La Inteligencia Artificial (IA) ha demostrado ser una herramienta muy valiosa en el sector médico. Sus aplicaciones ya van desde el tratamiento hasta el diagnóstico, e incluso puede usarse para monitorizar el estado de salud de las personas con ciertas afecciones crónicas. En este contexto, un nuevo estudio de la Universidad Estatal de Michigan ha dado con un nuevo programa de IA para descubrir nuevos fármacos.
Concretamente, tal y como se informa desde la entidad educativa de Estados Unidos, se trata de “un nuevo programa impulsado por inteligencia artificial permitirá a los investigadores mejorar sus esfuerzos de descubrimiento de fármacos”. El programa, llamado TopoFormer, tendría una tecnología muy parecida a la del conocido ChatGPT, permitiendo incorporar más información a la hora de investigar nuevos fármacos.
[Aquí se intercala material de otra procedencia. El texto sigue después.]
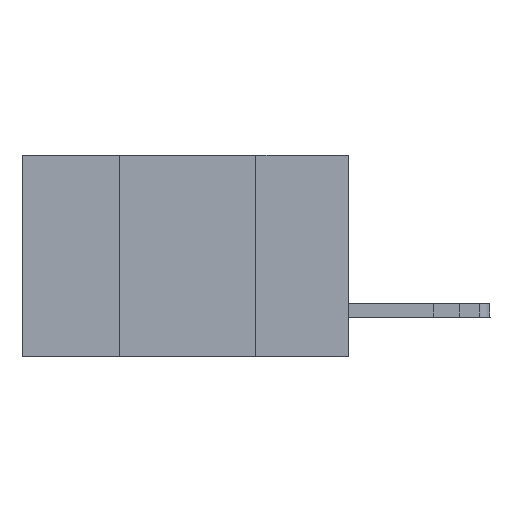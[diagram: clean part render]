
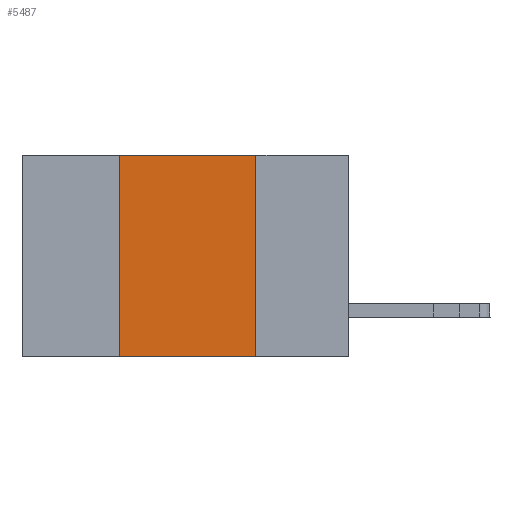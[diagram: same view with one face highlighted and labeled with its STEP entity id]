
A CAD part, left-side view. The second image highlights one B-rep face of the part: STEP entity #5487.
In plain terms, the highlighted planar face has unit normal (-1, 0, 0).
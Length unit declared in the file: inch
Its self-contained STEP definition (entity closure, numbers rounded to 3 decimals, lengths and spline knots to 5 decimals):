
#206 = EDGE_CURVE ( 'NONE', #16470, #17650, #9811, .T. ) ;
#1810 = AXIS2_PLACEMENT_3D ( 'NONE', #1969, #9432, #11057 ) ;
#1969 = CARTESIAN_POINT ( 'NONE',  ( 0., 0.6, 0. ) ) ;
#2916 = DIRECTION ( 'NONE',  ( 0., 0., -1. ) ) ;
#3089 = EDGE_CURVE ( 'NONE', #6948, #17650, #16327, .T. ) ;
#3400 = EDGE_CURVE ( 'NONE', #21438, #6948, #21042, .T. ) ;
#4053 = ORIENTED_EDGE ( 'NONE', *, *, #206, .T. ) ;
#5487 = ADVANCED_FACE ( 'NONE', ( #22599 ), #5584, .F. ) ;
#5584 = PLANE ( 'NONE',  #1810 ) ;
#5714 = CARTESIAN_POINT ( 'NONE',  ( 0., 0.42, 0. ) ) ;
#6948 = VERTEX_POINT ( 'NONE', #17984 ) ;
#9432 = DIRECTION ( 'NONE',  ( 1., 0., 0. ) ) ;
#9811 = LINE ( 'NONE', #16897, #18664 ) ;
#10909 = ORIENTED_EDGE ( 'NONE', *, *, #3400, .F. ) ;
#11057 = DIRECTION ( 'NONE',  ( 0., 0., -1. ) ) ;
#11069 = VECTOR ( 'NONE', #20769, 39.37008 ) ;
#13185 = CARTESIAN_POINT ( 'NONE',  ( 0., 0.42, 0. ) ) ;
#13330 = CARTESIAN_POINT ( 'NONE',  ( 0., 0.6, 0. ) ) ;
#15631 = VECTOR ( 'NONE', #18685, 39.37008 ) ;
#16327 = LINE ( 'NONE', #18322, #20685 ) ;
#16470 = VERTEX_POINT ( 'NONE', #17730 ) ;
#16897 = CARTESIAN_POINT ( 'NONE',  ( 0., 0.6, -0.37 ) ) ;
#17300 = LINE ( 'NONE', #13185, #11069 ) ;
#17392 = DIRECTION ( 'NONE',  ( 0., -1., 0. ) ) ;
#17650 = VERTEX_POINT ( 'NONE', #22729 ) ;
#17730 = CARTESIAN_POINT ( 'NONE',  ( 0., 0.42, -0.37 ) ) ;
#17984 = CARTESIAN_POINT ( 'NONE',  ( 0., 0.17, 0. ) ) ;
#18322 = CARTESIAN_POINT ( 'NONE',  ( 0., 0.17, 0. ) ) ;
#18664 = VECTOR ( 'NONE', #17392, 39.37008 ) ;
#18685 = DIRECTION ( 'NONE',  ( 0., -1., 0. ) ) ;
#19555 = EDGE_LOOP ( 'NONE', ( #24212, #10909, #23898, #4053 ) ) ;
#19856 = EDGE_CURVE ( 'NONE', #16470, #21438, #17300, .T. ) ;
#20685 = VECTOR ( 'NONE', #2916, 39.37008 ) ;
#20769 = DIRECTION ( 'NONE',  ( 0., 0., 1. ) ) ;
#21042 = LINE ( 'NONE', #13330, #15631 ) ;
#21438 = VERTEX_POINT ( 'NONE', #5714 ) ;
#22599 = FACE_OUTER_BOUND ( 'NONE', #19555, .T. ) ;
#22729 = CARTESIAN_POINT ( 'NONE',  ( 0., 0.17, -0.37 ) ) ;
#23898 = ORIENTED_EDGE ( 'NONE', *, *, #19856, .F. ) ;
#24212 = ORIENTED_EDGE ( 'NONE', *, *, #3089, .F. ) ;

“TopoFormer traduce información tridimensional sobre las moléculas” para dar con datos que los modelos típicos de interacción de fármacos basados en IA pueden utilizar. Así, “se amplían las capacidades de esos modelos para predecir la eficacia de un fármaco”, tal y como explica Guowei Wei, coordinador del estudio. Según sus palabras, "con la IA se podría hacer que el descubrimiento de fármacos sea más rápido, más eficiente y más barato".
“Se amplían las capacidades de los modelos para predecir la eficacia de un fármaco”
Es por ello que el descubrimiento encierra una gran importancia, puesto que, como explica el investigador, en Estados Unidos, desarrollar un solo fármaco es un proceso que lleva aproximadamente una década y cuesta unos 2.000 millones de dólares. La mayor parte de este tiempo, aproximadamente la mitad, está ocupado por los ensayos clínicos. “Y la otra mitad se destina a descubrir un nuevo candidato terapéutico para probar”, comenta.
De esta manera, TopoFormer tiene el potencial de acortar este tiempo de desarrollo. Al hacerlo, puede reducir el coste de desarrollo, lo que podría reducir a su vez el precio del medicamento para los consumidores en etapas posteriores. “Eso podría ser particularmente útil para las enfermedades raras, porque el número limitado de pacientes significa que las compañías farmacéuticas deben cobrar más para recuperar los costos”, explica el autor del estdio.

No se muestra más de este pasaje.